**Task material**
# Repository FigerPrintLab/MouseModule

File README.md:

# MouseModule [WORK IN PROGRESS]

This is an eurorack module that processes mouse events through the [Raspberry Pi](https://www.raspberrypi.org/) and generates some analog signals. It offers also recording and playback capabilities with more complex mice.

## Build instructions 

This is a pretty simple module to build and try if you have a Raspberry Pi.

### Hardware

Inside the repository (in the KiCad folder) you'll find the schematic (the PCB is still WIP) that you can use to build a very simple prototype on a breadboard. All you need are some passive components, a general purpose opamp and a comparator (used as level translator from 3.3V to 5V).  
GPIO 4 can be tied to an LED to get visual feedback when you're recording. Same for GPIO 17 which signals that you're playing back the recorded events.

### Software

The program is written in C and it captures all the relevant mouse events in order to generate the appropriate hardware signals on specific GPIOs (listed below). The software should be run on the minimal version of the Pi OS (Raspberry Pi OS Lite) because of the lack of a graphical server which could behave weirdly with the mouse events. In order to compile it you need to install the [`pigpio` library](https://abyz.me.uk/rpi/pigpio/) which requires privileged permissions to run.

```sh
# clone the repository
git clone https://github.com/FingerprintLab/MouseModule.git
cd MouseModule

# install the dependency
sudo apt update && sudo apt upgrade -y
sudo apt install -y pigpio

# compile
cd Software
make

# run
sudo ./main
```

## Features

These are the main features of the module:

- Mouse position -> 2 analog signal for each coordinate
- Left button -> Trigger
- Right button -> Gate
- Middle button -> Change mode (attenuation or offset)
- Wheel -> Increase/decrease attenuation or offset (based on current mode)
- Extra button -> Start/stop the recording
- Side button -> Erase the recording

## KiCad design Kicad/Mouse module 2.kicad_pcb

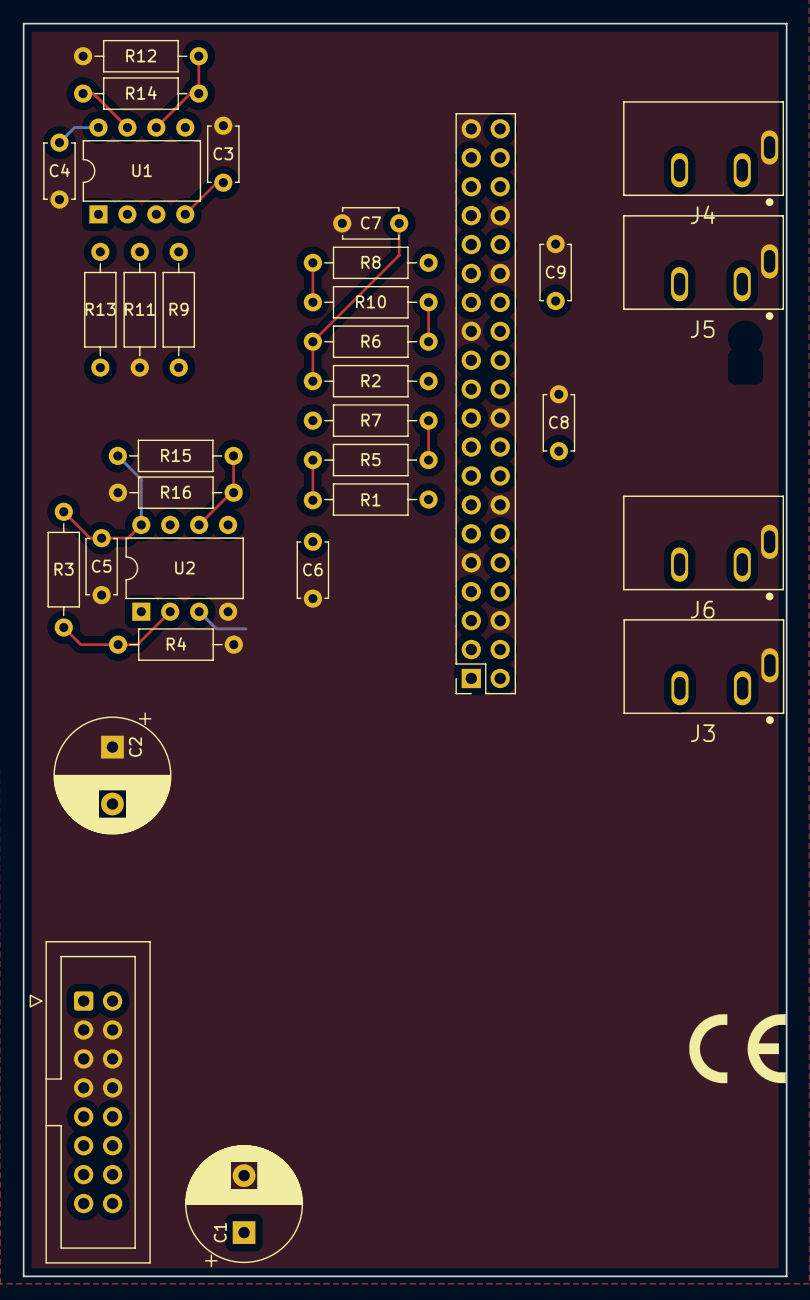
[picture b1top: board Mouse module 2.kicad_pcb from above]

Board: 2 copper layers, 67.0 x 110.0 mm, 33 parts (0 on the bottom side), 22 nets.

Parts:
C1, C2: 1uF; CP_Radial_D10.0mm_P5.00mm
C3, C4, C5, C6, C7, C8, C9: 0.1uF; C_Disc_D4.7mm_W2.5mm_P5.00mm
J1: Conn_02x20_Odd_Even; PinSocket_2x20_P2.54mm_Vertical
J2: 02x08_IDC; IDC-Header_2x08_P2.54mm_Vertical
J3: GATE; CUI_SJ1-3533
J4: X; CUI_SJ1-3533
J5: Y; CUI_SJ1-3533
J6: TRIG; CUI_SJ1-3533
R1, R2, R3, R5, R6, R15: 10k; R_Axial_DIN0207_L6.3mm_D2.5mm_P10.16mm_Horizontal
R4, R16: 4.7k; R_Axial_DIN0207_L6.3mm_D2.5mm_P10.16mm_Horizontal
R7, R8: 670; R_Axial_DIN0207_L6.3mm_D2.5mm_P10.16mm_Horizontal
R9, R10: 150k; R_Axial_DIN0207_L6.3mm_D2.5mm_P10.16mm_Horizontal
R11, R12: 15k; R_Axial_DIN0207_L6.3mm_D2.5mm_P10.16mm_Horizontal
R13, R14: 37k; R_Axial_DIN0207_L6.3mm_D2.5mm_P10.16mm_Horizontal
U1: TL072; DIP-8_W7.62mm
U2: LM393; DIP-8_W7.62mm

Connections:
+5V: C5.2, J1.2, J1.4, J2.12, R3.2, R15.2, U2.8
+12V: C1.1, C4.2, J2.10, U1.8
-12V: C2.2, C3.2, J2.2, R9.1, R10.1, U1.4
GND: C1.2, C2.1, C3.1, C4.1, C5.1, C6.1, C7.1, C8.1, C9.1, J1.6, J1.9, J1.14, J1.20, J1.25, J1.30, J1.34, J1.39, J2.3, J2.4, J2.5, J2.6, J2.7, J2.8, J3.S, J4.S, J5.S, J6.S, R4.1, R11.1, R12.1, R16.1, U2.4
unnamed: C6.2, R1.1, R5.2
unnamed: C7.2, R2.1, R6.2
unnamed: C8.2, R5.1, R7.2
unnamed: C9.2, R6.1, R8.2
unnamed: J3.T, U2.1
unnamed: J4.T, R13.1, U1.1
unnamed: J5.T, R14.1, U1.7
unnamed: J6.T, U2.7
unnamed: R3.1, R4.2, U2.2
unnamed: R7.1, R9.2, U1.3
unnamed: R8.1, R10.2, U1.5
unnamed: R11.2, R13.2, U1.2
unnamed: R12.2, R14.2, U1.6
unnamed: R15.1, R16.2, U2.6
RB_GATE: J1.29, U2.3
RB_TRIG: J1.31, U2.5
RB_X: J1.12, R1.2
RB_Y: J1.33, R2.2

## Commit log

2021-08-04 minor upgrades
2021-08-04 added favicon.ico
2021-08-04 some other minor fixes
2021-08-04 removed serve-favicon dependency
2021-08-05 added module for raspberry's functions
2021-08-05 multiple POST routes & lower decimal precision of mouse position
2021-08-05 general cleanup & dual TL072
2021-08-05 ready for nginx
2021-08-05 commented out a debug line
2021-08-13 cleaning some secondary files
2021-11-29 work on PCB & added some LEDs
2021-11-29 minor software corrections
2021-11-29 update package-lock.json by npm install
2021-11-29 software control of record and playback LEDs
2021-11-30 longer trigger pulse
2022-03-13 Added pwm experiment
2022-03-14 added pwm module & cleanup
2022-03-16 cleanup & pwm read & gpio
2022-03-16 succesfull pwm test
2022-03-16 removed pwm & gpio files in favor of pigpio lib
2022-03-18 WIP: integrating gpio control in event.c
2022-03-18 reinitialize on every playback cycle
2022-03-18 cleanup
2022-03-18 no more 'make clean' error
2022-03-19 hw signals achieved & removed GATE bug on some mice
2022-03-19 achieved attenuation & offset logic
2022-03-20 achieved movement constrain on attenuation/offset & removed playback timing bug
2022-03-20 removed useless files
2022-03-20 updated Kicad files
2023-08-21 update KiCad version
2023-09-07 added LCD code
2023-09-07 fixed README typos

**Your goal**
An exact, picture-free copy of the entries is required.

**Response for this exercise**
# Repository FigerPrintLab/MouseModule

File README.md:

# MouseModule [WORK IN PROGRESS]

This is an eurorack module that processes mouse events through the [Raspberry Pi](https://www.raspberrypi.org/) and generates some analog signals. It offers also recording and playback capabilities with more complex mice.

## Build instructions 

This is a pretty simple module to build and try if you have a Raspberry Pi.

### Hardware

Inside the repository (in the KiCad folder) you'll find the schematic (the PCB is still WIP) that you can use to build a very simple prototype on a breadboard. All you need are some passive components, a general purpose opamp and a comparator (used as level translator from 3.3V to 5V).  
GPIO 4 can be tied to an LED to get visual feedback when you're recording. Same for GPIO 17 which signals that you're playing back the recorded events.

### Software

The program is written in C and it captures all the relevant mouse events in order to generate the appropriate hardware signals on specific GPIOs (listed below). The software should be run on the minimal version of the Pi OS (Raspberry Pi OS Lite) because of the lack of a graphical server which could behave weirdly with the mouse events. In order to compile it you need to install the [`pigpio` library](https://abyz.me.uk/rpi/pigpio/) which requires privileged permissions to run.

```sh
# clone the repository
git clone https://github.com/FingerprintLab/MouseModule.git
cd MouseModule

# install the dependency
sudo apt update && sudo apt upgrade -y
sudo apt install -y pigpio

# compile
cd Software
make

# run
sudo ./main
```

## Features

These are the main features of the module:

- Mouse position -> 2 analog signal for each coordinate
- Left button -> Trigger
- Right button -> Gate
- Middle button -> Change mode (attenuation or offset)
- Wheel -> Increase/decrease attenuation or offset (based on current mode)
- Extra button -> Start/stop the recording
- Side button -> Erase the recording

## KiCad design Kicad/Mouse module 2.kicad_pcb

[picture b1top: board Mouse module 2.kicad_pcb from above]

Board: 2 copper layers, 67.0 x 110.0 mm, 33 parts (0 on the bottom side), 22 nets.

Parts:
C1, C2: 1uF; CP_Radial_D10.0mm_P5.00mm
C3, C4, C5, C6, C7, C8, C9: 0.1uF; C_Disc_D4.7mm_W2.5mm_P5.00mm
J1: Conn_02x20_Odd_Even; PinSocket_2x20_P2.54mm_Vertical
J2: 02x08_IDC; IDC-Header_2x08_P2.54mm_Vertical
J3: GATE; CUI_SJ1-3533
J4: X; CUI_SJ1-3533
J5: Y; CUI_SJ1-3533
J6: TRIG; CUI_SJ1-3533
R1, R2, R3, R5, R6, R15: 10k; R_Axial_DIN0207_L6.3mm_D2.5mm_P10.16mm_Horizontal
R4, R16: 4.7k; R_Axial_DIN0207_L6.3mm_D2.5mm_P10.16mm_Horizontal
R7, R8: 670; R_Axial_DIN0207_L6.3mm_D2.5mm_P10.16mm_Horizontal
R9, R10: 150k; R_Axial_DIN0207_L6.3mm_D2.5mm_P10.16mm_Horizontal
R11, R12: 15k; R_Axial_DIN0207_L6.3mm_D2.5mm_P10.16mm_Horizontal
R13, R14: 37k; R_Axial_DIN0207_L6.3mm_D2.5mm_P10.16mm_Horizontal
U1: TL072; DIP-8_W7.62mm
U2: LM393; DIP-8_W7.62mm

Connections:
+5V: C5.2, J1.2, J1.4, J2.12, R3.2, R15.2, U2.8
+12V: C1.1, C4.2, J2.10, U1.8
-12V: C2.2, C3.2, J2.2, R9.1, R10.1, U1.4
GND: C1.2, C2.1, C3.1, C4.1, C5.1, C6.1, C7.1, C8.1, C9.1, J1.6, J1.9, J1.14, J1.20, J1.25, J1.30, J1.34, J1.39, J2.3, J2.4, J2.5, J2.6, J2.7, J2.8, J3.S, J4.S, J5.S, J6.S, R4.1, R11.1, R12.1, R16.1, U2.4
unnamed: C6.2, R1.1, R5.2
unnamed: C7.2, R2.1, R6.2
unnamed: C8.2, R5.1, R7.2
unnamed: C9.2, R6.1, R8.2
unnamed: J3.T, U2.1
unnamed: J4.T, R13.1, U1.1
unnamed: J5.T, R14.1, U1.7
unnamed: J6.T, U2.7
unnamed: R3.1, R4.2, U2.2
unnamed: R7.1, R9.2, U1.3
unnamed: R8.1, R10.2, U1.5
unnamed: R11.2, R13.2, U1.2
unnamed: R12.2, R14.2, U1.6
unnamed: R15.1, R16.2, U2.6
RB_GATE: J1.29, U2.3
RB_TRIG: J1.31, U2.5
RB_X: J1.12, R1.2
RB_Y: J1.33, R2.2

## Commit log

2021-08-04 minor upgrades
2021-08-04 added favicon.ico
2021-08-04 some other minor fixes
2021-08-04 removed serve-favicon dependency
2021-08-05 added module for raspberry's functions
2021-08-05 multiple POST routes & lower decimal precision of mouse position
2021-08-05 general cleanup & dual TL072
2021-08-05 ready for nginx
2021-08-05 commented out a debug line
2021-08-13 cleaning some secondary files
2021-11-29 work on PCB & added some LEDs
2021-11-29 minor software corrections
2021-11-29 update package-lock.json by npm install
2021-11-29 software control of record and playback LEDs
2021-11-30 longer trigger pulse
2022-03-13 Added pwm experiment
2022-03-14 added pwm module & cleanup
2022-03-16 cleanup & pwm read & gpio
2022-03-16 succesfull pwm test
2022-03-16 removed pwm & gpio files in favor of pigpio lib
2022-03-18 WIP: integrating gpio control in event.c
2022-03-18 reinitialize on every playback cycle
2022-03-18 cleanup
2022-03-18 no more 'make clean' error
2022-03-19 hw signals achieved & removed GATE bug on some mice
2022-03-19 achieved attenuation & offset logic
2022-03-20 achieved movement constrain on attenuation/offset & removed playback timing bug
2022-03-20 removed useless files
2022-03-20 updated Kicad files
2023-08-21 update KiCad version
2023-09-07 added LCD code
2023-09-07 fixed README typos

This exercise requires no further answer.